Thanks for the Memory

Most are familiar with the little memory chips that are part of our computers. They are the answer to the question, “how much RAM is in your machine?” Memory, or RAM (random access memory), functions as the work area for our computing devices, where calculations are made, instructions interpreted and executed. As RAM is traditionally adjacent to, not part of, the central processing core, every calculation involves some data movement from CPU to memory and back again. It is this tiny voyage which can be transformed by the ground-breaking technology. In photonic memory devices, the data moving between the processor core(s) and the memory modules travels not through wires electrically, but as light inside on-chip waveguides. Also known as optical or photonic RAM (or short ‘PRAM’), these chips perform calculations in the optical domain, offering faster and higher energy efficiency by potentially up to a factor of 100, while offering electronic data storage at the same time. The technology is poised to revolutionize computing at its core.

Photonic Memory Cells

The physics and engineering behind PRAM cells are wildly complex. One critical detail built into this technology is the fact that the memory cells are made of phase-change materials. The light traveling on nanoscopic waveguides and interacting with this phase-change material ‘touching’ the waveguide causes the light to be ‘switched,’ thus carrying the stored information from the memory element inside the photonic-electronic processor. The phase change material itself can be switched between two structural states, amorphous and crystalline states, with distinct optical and electrical properties, for memory programability. As Dr. Sorger says, the light present in the devices actually causes the material to behave as a memory chip. Read the full article at the Nature Light Science & Applications website.

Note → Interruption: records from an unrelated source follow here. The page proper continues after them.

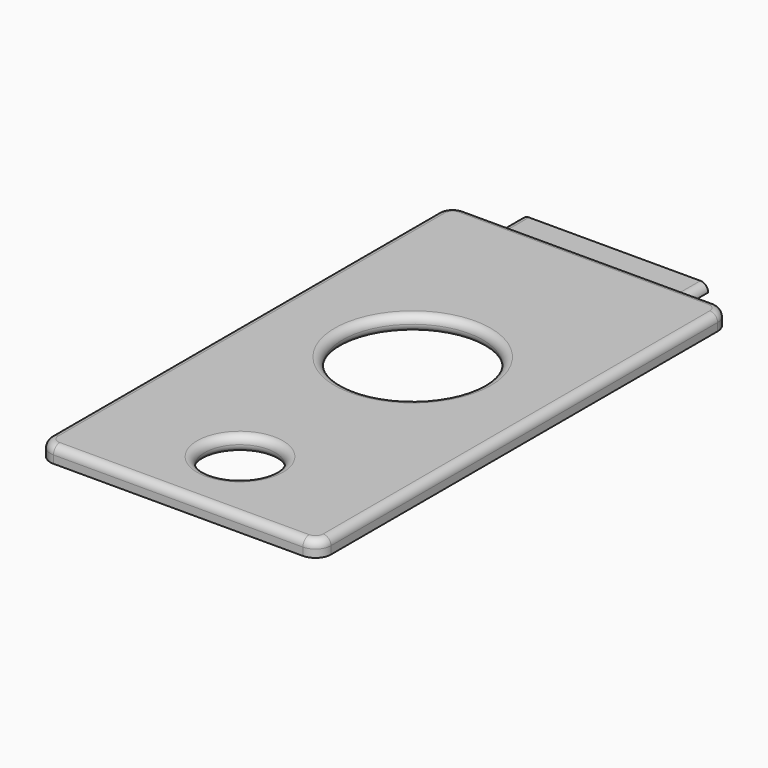
from build123d import *

# Parameters (mm, degrees)
F0_R     = 2.25
F0_R_2   = 4.5
F1_DEPTH = 1
F2_R     = 0.5
F0_W     = 12
F0_H     = 2
F3_DEPTH = 0.5
F4_R     = 0.49999
F5_R     = 0.49999


# Not quite as in the source:
# - a fillet or chamfer is up to 0.001 mm smaller than in the source, because OpenCascade refuses the exact size


with BuildPart() as f1:
    # F0 (on Top) → F1 (new body)
    with BuildSketch(Plane.XY):
        with BuildLine():
            ThreePointArc((-2, -1), (-1.7071067812, -1.7071067812), (-1, -2))
            Line((-1, -2), (15, -2))
            ThreePointArc((15, -2), (15.7071067812, -1.7071067812), (16, -1))
            Line((16, -1), (16, 30))
            ThreePointArc((16, 30), (15.7071067812, 30.7071067812), (15, 31))
            Line((15, 31), (13, 31))
            Line((13, 31), (1, 31))
            Line((1, 31), (-1, 31))
            ThreePointArc((-1, 31), (-1.7071067812, 30.7071067812), (-2, 30))
            Line((-2, 30), (-2, -1))
        make_face()
        with Locations((7, 2.95)):
            Circle(F0_R, mode=Mode.SUBTRACT)
        with Locations((7, 16.8)):
            Circle(F0_R_2, mode=Mode.SUBTRACT)
    extrude(amount=F1_DEPTH)

    # F2
    f2_edges = [f1.edges().sort_by_distance(p)[0] for p in [
        (2.5, 16.8, 0),
        (4.75, 2.95, 0),
    ]]
    fillet(f2_edges, radius=F2_R)

    # F0 (on Top) → F3 (join)
    with BuildSketch(Plane.XY):
        with Locations((7, 32)):
            Rectangle(F0_W, F0_H)
    extrude(amount=F3_DEPTH)

    # F4 (radius 0.5 in the source; OpenCascade refuses exactly that, so slightly less here)
    f4_edges = [f1.edges().sort_by_distance(p)[0] for p in [
        (-2, 14.5, 1),
        (-1.707107, -1.707107, 1),
        (7, -2, 1),
        (15.707107, -1.707107, 1),
        (16, 14.5, 1),
        (15.707107, 30.707107, 1),
        (7, 31, 1),
        (-1.707107, 30.707107, 1),
        (4.75, 2.95, 1),
        (2.5, 16.8, 1),
    ]]
    fillet(f4_edges, radius=F4_R)

    # F5 (radius 0.5 in the source; OpenCascade refuses exactly that, so slightly less here)
    f5_edges = [f1.edges().sort_by_distance(p)[0] for p in [
        (1, 32, 0.5),
        (13, 32, 0.5),
    ]]
    fillet(f5_edges, radius=F5_R)


solid = f1.part
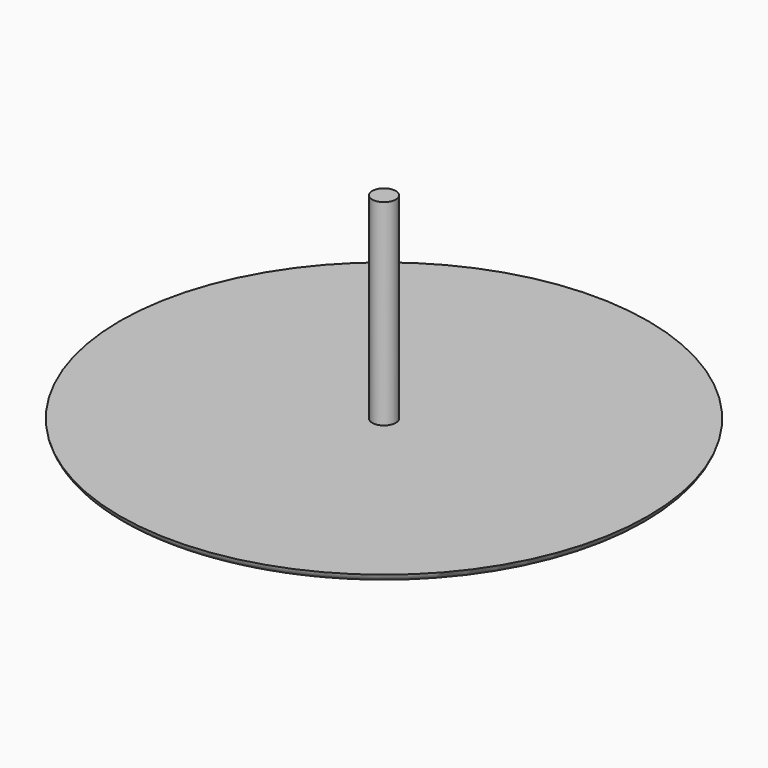
from build123d import *

# Parameters (mm, degrees)
F0_R     = 45
F0_R_2   = 2
F1_DEPTH = 1.5
F2_DEPTH = 35


# Not quite as in the source:
# - a fillet or chamfer that OpenCascade refuses, or shapes differently, is made with other operations: its cross-section is extruded or revolved along the edge and cut away or added


with BuildPart() as f1:
    # F0 (on Top) → F1 (new body)
    with BuildSketch(Plane.XY):
        Circle(F0_R)
        Circle(F0_R_2, mode=Mode.SUBTRACT)
    extrude(amount=F1_DEPTH)

    # F0 (on Top) → F2 (join)
    with BuildSketch(Plane.XY):
        Circle(F0_R_2)
    extrude(amount=F2_DEPTH)

    # F3: fillet of radius 2 on 1 edges, made by hand

    # F3_s1 → F3_t2 (revolve, cut)
    with BuildSketch(Plane.XZ):
        with BuildLine():
            ThreePointArc((45, 1.5), (44.2882531983, 0.4188611699), (43.0635083269, 0))
            Line((43.0635083269, 0), (45, 0))
            Line((45, 0), (45, 1.5))
        make_face()
    revolve(axis=Axis((0, 0, 0), (0, 0, 1)), mode=Mode.SUBTRACT)


solid = f1.part

One area in which photonics memory shows great potential is in national security and defense. Dr. Sorger is the principal investigator on a 3-year $3M grant from the Office of Naval Research Electronic Warfare Program. Collaborating with ECE researchers Dr. David Arnold, Dr. Navid Asadi, Dr. Bhaibab Chatterjee, Dr. Hamed Dalir, as well as colleagues from UCLA, the project, ‘Heterogenous Convolution ASIC for AI Acceleration (HelCat),’ will develop an electronic-photonic processor that can deliver leading-edge performance for next-generation machine learning and signal processing capabilities used in mission-critical defense equipment and infrastructure.

While the horizons may not be endless, the realm of photonics certainly holds immense promise. Dr. Sorger’s passion and leadership, coupled with the resources and network afforded to the Florida Semiconductor Institute, could very well pave the way to the very future he envisions—a world characterized by enhanced speed, energy efficiency, and superior technology. So, as we stand at this precipice of innovation, it’s evident that the path ahead is illuminated with hope and the potential to bring about transformative change.

Florida Semiconductor Institute

Finalized in the summer of 2023, the Florida Semiconductor Institute (FSI) was created to focus on regional leadership in the semiconductor research and development space, to attract federal and private funding, and to boost the nation’s semiconductor workforce. While Florida boasts the fifth-largest semiconductor workforce in the U.S. and offers next generation chip packaging corporations and major electronics manufactures design offices (similar to California), Florida currently lacks large-volume chip manufacturing foundries that can fully leverage the talent pipeline. FSI aims to harness UF’s community of interdisciplinary researchers to accelerate the ‘lab-to-fab’ pipeline.

It is estimated that the future of semiconductor manufacturing will require the doubling of the domestic semiconductor workforce in one decade, according to Dr. Sorger and supported by the U.S. CHIPS and Science Act from 2022. In response, the institute’s mission is to: 1) drive research and innovation forward with a focus on AI chips and heterogeneous chip solutions, 2) support the onshoring of semiconductor manufacturing with a focus advanced chip packaging, and 3) prepare and support a greatly expanded U.S. workforce in semiconductor manufacturing.